* EXERCISE DETAILS
Only a number is expected: how many lines in the data below contain the word "name".

Items from a data source
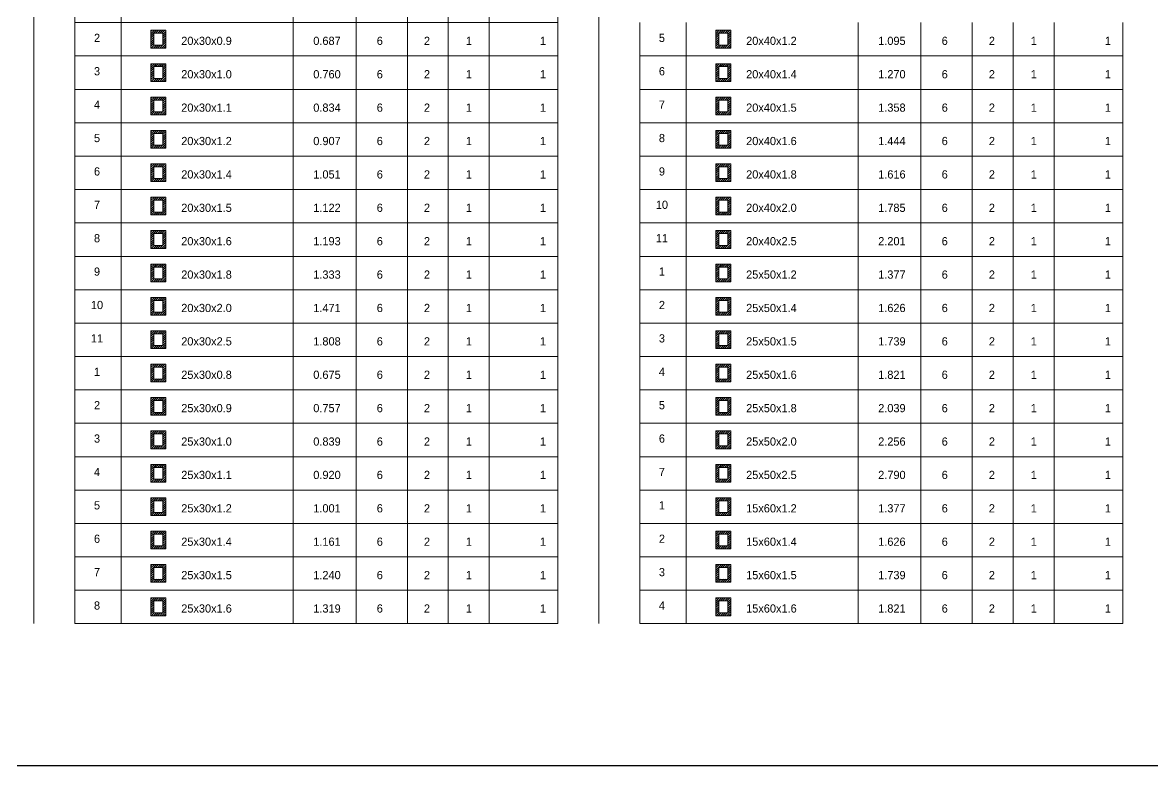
# Model space of a CAD drawing. Header units: millimetres. Extents: x 925681 to 1410834, y 71669 to 296428.
# Drawn here: x 949553 to 990921, y 175245 to 202470 of the extents above; entities that cross this region are included whole.
import ezdxf
from ezdxf.enums import TextEntityAlignment as Align

# ---------------------------------------------------------------- set-up
doc = ezdxf.new("R2010")
doc.units = ezdxf.units.MM
doc.header["$LTSCALE"] = 100
for name, color, linetype, lineweight in [('Ap0001_Statistic', 161, 'Continuous', 15), ('Ap0203_T', 243, 'Continuous', 35), ('Ap0310_PSS', 130, 'Continuous', 18), ('Ap0311_H', 8, 'Continuous', 15)]:
    doc.layers.add(name, color=color, linetype=linetype, lineweight=lineweight)
doc.styles.add('Ap_text ghi chu', font='1.shx', dxfattribs={"width": 0.8, "height": 250})

# ---------------------------------------------------------------- blocks, each defined once
blk = doc.blocks.new('khung thong ke')
at = {"layer": 'Ap0310_PSS'}
for p, q in [((0, -1222), (0, 0)), ((1700, -1222), (1700, 0)), ((8000, -1222), (8000, 0)), ((10296, -1222), (10296, 0)), ((12175, -1222), (12175, 0)), ((13675, -1222), (13675, 0)), ((15175, -1222), (15175, 0)), ((17684, 0), (17684, -1222))]:
    blk.add_line(p, q, dxfattribs=at)
at = {"layer": 'Ap0311_H'}
blk.add_line((0, -1222), (17684, -1222), dxfattribs=at)

msp = doc.modelspace()

# ---------------------------------------------------------------- hatches: boundary and pattern name
at = {"layer": 'Ap0001_Statistic'}
h = msp.add_hatch(dxfattribs=at)
h.set_pattern_fill('ANSI31', color=8, scale=433.070866, style=0)
h.set_pattern_definition([(45, (946978.506, 174117.54), (-38.27842, 38.27842), [])])
h.paths.add_polyline_path([(954253.8, 201539), (954795.1, 201539), (954795.1, 202188.6), (954253.8, 202188.6)])
h.paths.add_polyline_path([(954686.9, 202080.3), (954686.9, 201647.2), (954362.1, 201647.2), (954362.1, 202080.3)], flags=16)
h = msp.add_hatch(dxfattribs=at)
h.set_pattern_fill('ANSI31', color=8, scale=433.070866, style=0)
h.set_pattern_definition([(45, (967662.504, 174117.54), (-38.27842, 38.27842), [])])
h.paths.add_polyline_path([(974937.8, 201539), (975479.1, 201539), (975479.1, 202188.6), (974937.8, 202188.6)])
h.paths.add_polyline_path([(975370.9, 202080.3), (975370.9, 201647.2), (975046.1, 201647.2), (975046.1, 202080.3)], flags=16)
h = msp.add_hatch(dxfattribs=at)
h.set_pattern_fill('ANSI31', color=8, scale=433.070866, style=0)
h.set_pattern_definition([(45, (946978.506, 172895.373), (-38.27842, 38.27842), [])])
h.paths.add_polyline_path([(954253.8, 200316.8), (954795.1, 200316.8), (954795.1, 200966.4), (954253.8, 200966.4)])
h.paths.add_polyline_path([(954686.9, 200858.1), (954686.9, 200425.1), (954362.1, 200425.1), (954362.1, 200858.1)], flags=16)
h = msp.add_hatch(dxfattribs=at)
h.set_pattern_fill('ANSI31', color=8, scale=433.070866, style=0)
h.set_pattern_definition([(45, (967662.504, 172895.373), (-38.27842, 38.27842), [])])
h.paths.add_polyline_path([(974937.8, 200316.8), (975479.1, 200316.8), (975479.1, 200966.4), (974937.8, 200966.4)])
h.paths.add_polyline_path([(975370.9, 200858.1), (975370.9, 200425.1), (975046.1, 200425.1), (975046.1, 200858.1)], flags=16)
h = msp.add_hatch(dxfattribs=at)
h.set_pattern_fill('ANSI31', color=8, scale=433.070866, style=0)
h.set_pattern_definition([(45, (946978.506, 171673.206), (-38.27842, 38.27842), [])])
h.paths.add_polyline_path([(954253.8, 199094.6), (954795.1, 199094.6), (954795.1, 199744.2), (954253.8, 199744.2)])
h.paths.add_polyline_path([(954686.9, 199636), (954686.9, 199202.9), (954362.1, 199202.9), (954362.1, 199636)], flags=16)
h = msp.add_hatch(dxfattribs=at)
h.set_pattern_fill('ANSI31', color=8, scale=433.070866, style=0)
h.set_pattern_definition([(45, (967662.504, 171673.206), (-38.27842, 38.27842), [])])
h.paths.add_polyline_path([(974937.8, 199094.6), (975479.1, 199094.6), (975479.1, 199744.2), (974937.8, 199744.2)])
h.paths.add_polyline_path([(975370.9, 199636), (975370.9, 199202.9), (975046.1, 199202.9), (975046.1, 199636)], flags=16)
h = msp.add_hatch(dxfattribs=at)
h.set_pattern_fill('ANSI31', color=8, scale=433.070866, style=0)
h.set_pattern_definition([(45, (946978.506, 170451.04), (-38.27842, 38.27842), [])])
h.paths.add_polyline_path([(954253.8, 197872.5), (954795.1, 197872.5), (954795.1, 198522.1), (954253.8, 198522.1)])
h.paths.add_polyline_path([(954686.9, 198413.8), (954686.9, 197980.7), (954362.1, 197980.7), (954362.1, 198413.8)], flags=16)
h = msp.add_hatch(dxfattribs=at)
h.set_pattern_fill('ANSI31', color=8, scale=433.070866, style=0)
h.set_pattern_definition([(45, (967662.504, 170451.04), (-38.27842, 38.27842), [])])
h.paths.add_polyline_path([(974937.8, 197872.5), (975479.1, 197872.5), (975479.1, 198522.1), (974937.8, 198522.1)])
h.paths.add_polyline_path([(975370.9, 198413.8), (975370.9, 197980.7), (975046.1, 197980.7), (975046.1, 198413.8)], flags=16)
h = msp.add_hatch(dxfattribs=at)
h.set_pattern_fill('ANSI31', color=8, scale=433.070866, style=0)
h.set_pattern_definition([(45, (946978.506, 169228.87), (-38.27842, 38.27842), [])])
h.paths.add_polyline_path([(954253.8, 196650.3), (954795.1, 196650.3), (954795.1, 197299.9), (954253.8, 197299.9)])
h.paths.add_polyline_path([(954686.9, 197191.6), (954686.9, 196758.6), (954362.1, 196758.6), (954362.1, 197191.6)], flags=16)
h = msp.add_hatch(dxfattribs=at)
h.set_pattern_fill('ANSI31', color=8, scale=433.070866, style=0)
h.set_pattern_definition([(45, (967662.504, 169228.87), (-38.27842, 38.27842), [])])
h.paths.add_polyline_path([(974937.8, 196650.3), (975479.1, 196650.3), (975479.1, 197299.9), (974937.8, 197299.9)])
h.paths.add_polyline_path([(975370.9, 197191.6), (975370.9, 196758.6), (975046.1, 196758.6), (975046.1, 197191.6)], flags=16)
h = msp.add_hatch(dxfattribs=at)
h.set_pattern_fill('ANSI31', color=8, scale=433.070866, style=0)
h.set_pattern_definition([(45, (946978.506, 168006.704), (-38.27842, 38.27842), [])])
h.paths.add_polyline_path([(954253.8, 195428.1), (954795.1, 195428.1), (954795.1, 196077.7), (954253.8, 196077.7)])
h.paths.add_polyline_path([(954686.9, 195969.5), (954686.9, 195536.4), (954362.1, 195536.4), (954362.1, 195969.5)], flags=16)
h = msp.add_hatch(dxfattribs=at)
h.set_pattern_fill('ANSI31', color=8, scale=433.070866, style=0)
h.set_pattern_definition([(45, (967662.504, 168006.704), (-38.27842, 38.27842), [])])
h.paths.add_polyline_path([(974937.8, 195428.1), (975479.1, 195428.1), (975479.1, 196077.7), (974937.8, 196077.7)])
h.paths.add_polyline_path([(975370.9, 195969.5), (975370.9, 195536.4), (975046.1, 195536.4), (975046.1, 195969.5)], flags=16)
h = msp.add_hatch(dxfattribs=at)
h.set_pattern_fill('ANSI31', color=8, scale=433.070866, style=0)
h.set_pattern_definition([(45, (946978.506, 166784.537), (-38.27842, 38.27842), [])])
h.paths.add_polyline_path([(954253.8, 194206), (954795.1, 194206), (954795.1, 194855.6), (954253.8, 194855.6)])
h.paths.add_polyline_path([(954686.9, 194747.3), (954686.9, 194314.2), (954362.1, 194314.2), (954362.1, 194747.3)], flags=16)
h = msp.add_hatch(dxfattribs=at)
h.set_pattern_fill('ANSI31', color=8, scale=433.070866, style=0)
h.set_pattern_definition([(45, (967662.504, 166784.537), (-38.27842, 38.27842), [])])
h.paths.add_polyline_path([(974937.8, 194206), (975479.1, 194206), (975479.1, 194855.6), (974937.8, 194855.6)])
h.paths.add_polyline_path([(975370.9, 194747.3), (975370.9, 194314.2), (975046.1, 194314.2), (975046.1, 194747.3)], flags=16)
h = msp.add_hatch(dxfattribs=at)
h.set_pattern_fill('ANSI31', color=8, scale=433.070866, style=0)
h.set_pattern_definition([(45, (946978.506, 165562.37), (-38.27842, 38.27842), [])])
h.paths.add_polyline_path([(954253.8, 192983.8), (954795.1, 192983.8), (954795.1, 193633.4), (954253.8, 193633.4)])
h.paths.add_polyline_path([(954686.9, 193525.1), (954686.9, 193092.1), (954362.1, 193092.1), (954362.1, 193525.1)], flags=16)
h = msp.add_hatch(dxfattribs=at)
h.set_pattern_fill('ANSI31', color=8, scale=433.070866, style=0)
h.set_pattern_definition([(45, (967662.504, 165562.37), (-38.27842, 38.27842), [])])
h.paths.add_polyline_path([(974937.8, 192983.8), (975479.1, 192983.8), (975479.1, 193633.4), (974937.8, 193633.4)])
h.paths.add_polyline_path([(975370.9, 193525.1), (975370.9, 193092.1), (975046.1, 193092.1), (975046.1, 193525.1)], flags=16)
h = msp.add_hatch(dxfattribs=at)
h.set_pattern_fill('ANSI31', color=8, scale=433.070866, style=0)
h.set_pattern_definition([(45, (946978.506, 164340.203), (-38.27842, 38.27842), [])])
h.paths.add_polyline_path([(954253.8, 191761.6), (954795.1, 191761.6), (954795.1, 192411.2), (954253.8, 192411.2)])
h.paths.add_polyline_path([(954686.9, 192303), (954686.9, 191869.9), (954362.1, 191869.9), (954362.1, 192303)], flags=16)
h = msp.add_hatch(dxfattribs=at)
h.set_pattern_fill('ANSI31', color=8, scale=433.070866, style=0)
h.set_pattern_definition([(45, (967662.504, 164340.203), (-38.27842, 38.27842), [])])
h.paths.add_polyline_path([(974937.8, 191761.6), (975479.1, 191761.6), (975479.1, 192411.2), (974937.8, 192411.2)])
h.paths.add_polyline_path([(975370.9, 192303), (975370.9, 191869.9), (975046.1, 191869.9), (975046.1, 192303)], flags=16)
h = msp.add_hatch(dxfattribs=at)
h.set_pattern_fill('ANSI31', color=8, scale=433.070866, style=0)
h.set_pattern_definition([(45, (946978.506, 163118.036), (-38.27842, 38.27842), [])])
h.paths.add_polyline_path([(954253.8, 190539.5), (954795.1, 190539.5), (954795.1, 191189.1), (954253.8, 191189.1)])
h.paths.add_polyline_path([(954686.9, 191080.8), (954686.9, 190647.7), (954362.1, 190647.7), (954362.1, 191080.8)], flags=16)
h = msp.add_hatch(dxfattribs=at)
h.set_pattern_fill('ANSI31', color=8, scale=433.070866, style=0)
h.set_pattern_definition([(45, (967662.504, 163118.036), (-38.27842, 38.27842), [])])
h.paths.add_polyline_path([(974937.8, 190539.5), (975479.1, 190539.5), (975479.1, 191189.1), (974937.8, 191189.1)])
h.paths.add_polyline_path([(975370.9, 191080.8), (975370.9, 190647.7), (975046.1, 190647.7), (975046.1, 191080.8)], flags=16)
h = msp.add_hatch(dxfattribs=at)
h.set_pattern_fill('ANSI31', color=8, scale=433.070866, style=0)
h.set_pattern_definition([(45, (946978.506, 161895.87), (-38.27842, 38.27842), [])])
h.paths.add_polyline_path([(954253.8, 189317.3), (954795.1, 189317.3), (954795.1, 189966.9), (954253.8, 189966.9)])
h.paths.add_polyline_path([(954686.9, 189858.6), (954686.9, 189425.6), (954362.1, 189425.6), (954362.1, 189858.6)], flags=16)
h = msp.add_hatch(dxfattribs=at)
h.set_pattern_fill('ANSI31', color=8, scale=433.070866, style=0)
h.set_pattern_definition([(45, (967662.504, 161895.87), (-38.27842, 38.27842), [])])
h.paths.add_polyline_path([(974937.8, 189317.3), (975479.1, 189317.3), (975479.1, 189966.9), (974937.8, 189966.9)])
h.paths.add_polyline_path([(975370.9, 189858.6), (975370.9, 189425.6), (975046.1, 189425.6), (975046.1, 189858.6)], flags=16)
h = msp.add_hatch(dxfattribs=at)
h.set_pattern_fill('ANSI31', color=8, scale=433.070866, style=0)
h.set_pattern_definition([(45, (946978.506, 160673.7), (-38.27842, 38.27842), [])])
h.paths.add_polyline_path([(954253.8, 188095.1), (954795.1, 188095.1), (954795.1, 188744.7), (954253.8, 188744.7)])
h.paths.add_polyline_path([(954686.9, 188636.5), (954686.9, 188203.4), (954362.1, 188203.4), (954362.1, 188636.5)], flags=16)
h = msp.add_hatch(dxfattribs=at)
h.set_pattern_fill('ANSI31', color=8, scale=433.070866, style=0)
h.set_pattern_definition([(45, (967662.504, 160673.7), (-38.27842, 38.27842), [])])
h.paths.add_polyline_path([(974937.8, 188095.1), (975479.1, 188095.1), (975479.1, 188744.7), (974937.8, 188744.7)])
h.paths.add_polyline_path([(975370.9, 188636.5), (975370.9, 188203.4), (975046.1, 188203.4), (975046.1, 188636.5)], flags=16)
h = msp.add_hatch(dxfattribs=at)
h.set_pattern_fill('ANSI31', color=8, scale=433.070866, style=0)
h.set_pattern_definition([(45, (946978.506, 159451.534), (-38.27842, 38.27842), [])])
h.paths.add_polyline_path([(954253.8, 186873), (954795.1, 186873), (954795.1, 187522.6), (954253.8, 187522.6)])
h.paths.add_polyline_path([(954686.9, 187414.3), (954686.9, 186981.2), (954362.1, 186981.2), (954362.1, 187414.3)], flags=16)
h = msp.add_hatch(dxfattribs=at)
h.set_pattern_fill('ANSI31', color=8, scale=433.070866, style=0)
h.set_pattern_definition([(45, (967662.504, 159451.534), (-38.27842, 38.27842), [])])
h.paths.add_polyline_path([(974937.8, 186873), (975479.1, 186873), (975479.1, 187522.6), (974937.8, 187522.6)])
h.paths.add_polyline_path([(975370.9, 187414.3), (975370.9, 186981.2), (975046.1, 186981.2), (975046.1, 187414.3)], flags=16)
h = msp.add_hatch(dxfattribs=at)
h.set_pattern_fill('ANSI31', color=8, scale=433.070866, style=0)
h.set_pattern_definition([(45, (946978.506, 158229.367), (-38.27842, 38.27842), [])])
h.paths.add_polyline_path([(954253.8, 185650.8), (954795.1, 185650.8), (954795.1, 186300.4), (954253.8, 186300.4)])
h.paths.add_polyline_path([(954686.9, 186192.1), (954686.9, 185759.1), (954362.1, 185759.1), (954362.1, 186192.1)], flags=16)
h = msp.add_hatch(dxfattribs=at)
h.set_pattern_fill('ANSI31', color=8, scale=433.070866, style=0)
h.set_pattern_definition([(45, (967662.504, 158229.367), (-38.27842, 38.27842), [])])
h.paths.add_polyline_path([(974937.8, 185650.8), (975479.1, 185650.8), (975479.1, 186300.4), (974937.8, 186300.4)])
h.paths.add_polyline_path([(975370.9, 186192.1), (975370.9, 185759.1), (975046.1, 185759.1), (975046.1, 186192.1)], flags=16)
h = msp.add_hatch(dxfattribs=at)
h.set_pattern_fill('ANSI31', color=8, scale=433.070866, style=0)
h.set_pattern_definition([(45, (946978.506, 157007.2), (-38.27842, 38.27842), [])])
h.paths.add_polyline_path([(954253.8, 184428.6), (954795.1, 184428.6), (954795.1, 185078.2), (954253.8, 185078.2)])
h.paths.add_polyline_path([(954686.9, 184970), (954686.9, 184536.9), (954362.1, 184536.9), (954362.1, 184970)], flags=16)
h = msp.add_hatch(dxfattribs=at)
h.set_pattern_fill('ANSI31', color=8, scale=433.070866, style=0)
h.set_pattern_definition([(45, (967662.504, 157007.2), (-38.27842, 38.27842), [])])
h.paths.add_polyline_path([(974937.8, 184428.6), (975479.1, 184428.6), (975479.1, 185078.2), (974937.8, 185078.2)])
h.paths.add_polyline_path([(975370.9, 184970), (975370.9, 184536.9), (975046.1, 184536.9), (975046.1, 184970)], flags=16)
h = msp.add_hatch(dxfattribs=at)
h.set_pattern_fill('ANSI31', color=8, scale=433.070866, style=0)
h.set_pattern_definition([(45, (946978.506, 155785.03), (-38.27842, 38.27842), [])])
h.paths.add_polyline_path([(954253.8, 183206.5), (954795.1, 183206.5), (954795.1, 183856.1), (954253.8, 183856.1)])
h.paths.add_polyline_path([(954686.9, 183747.8), (954686.9, 183314.7), (954362.1, 183314.7), (954362.1, 183747.8)], flags=16)
h = msp.add_hatch(dxfattribs=at)
h.set_pattern_fill('ANSI31', color=8, scale=433.070866, style=0)
h.set_pattern_definition([(45, (967662.504, 155785.03), (-38.27842, 38.27842), [])])
h.paths.add_polyline_path([(974937.8, 183206.5), (975479.1, 183206.5), (975479.1, 183856.1), (974937.8, 183856.1)])
h.paths.add_polyline_path([(975370.9, 183747.8), (975370.9, 183314.7), (975046.1, 183314.7), (975046.1, 183747.8)], flags=16)
h = msp.add_hatch(dxfattribs=at)
h.set_pattern_fill('ANSI31', color=8, scale=433.070866, style=0)
h.set_pattern_definition([(45, (946978.506, 154562.865), (-38.27842, 38.27842), [])])
h.paths.add_polyline_path([(954253.8, 181984.3), (954795.1, 181984.3), (954795.1, 182633.9), (954253.8, 182633.9)])
h.paths.add_polyline_path([(954686.9, 182525.6), (954686.9, 182092.6), (954362.1, 182092.6), (954362.1, 182525.6)], flags=16)
h = msp.add_hatch(dxfattribs=at)
h.set_pattern_fill('ANSI31', color=8, scale=433.070866, style=0)
h.set_pattern_definition([(45, (967662.504, 154562.865), (-38.27842, 38.27842), [])])
h.paths.add_polyline_path([(974937.8, 181984.3), (975479.1, 181984.3), (975479.1, 182633.9), (974937.8, 182633.9)])
h.paths.add_polyline_path([(975370.9, 182525.6), (975370.9, 182092.6), (975046.1, 182092.6), (975046.1, 182525.6)], flags=16)
h = msp.add_hatch(dxfattribs=at)
h.set_pattern_fill('ANSI31', color=8, scale=433.070866, style=0)
h.set_pattern_definition([(45, (946978.506, 153340.7), (-38.27842, 38.27842), [])])
h.paths.add_polyline_path([(954253.8, 180762.1), (954795.1, 180762.1), (954795.1, 181411.7), (954253.8, 181411.7)])
h.paths.add_polyline_path([(954686.9, 181303.5), (954686.9, 180870.4), (954362.1, 180870.4), (954362.1, 181303.5)], flags=16)
h = msp.add_hatch(dxfattribs=at)
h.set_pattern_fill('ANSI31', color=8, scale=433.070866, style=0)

* EXPECTED OUTPUT
3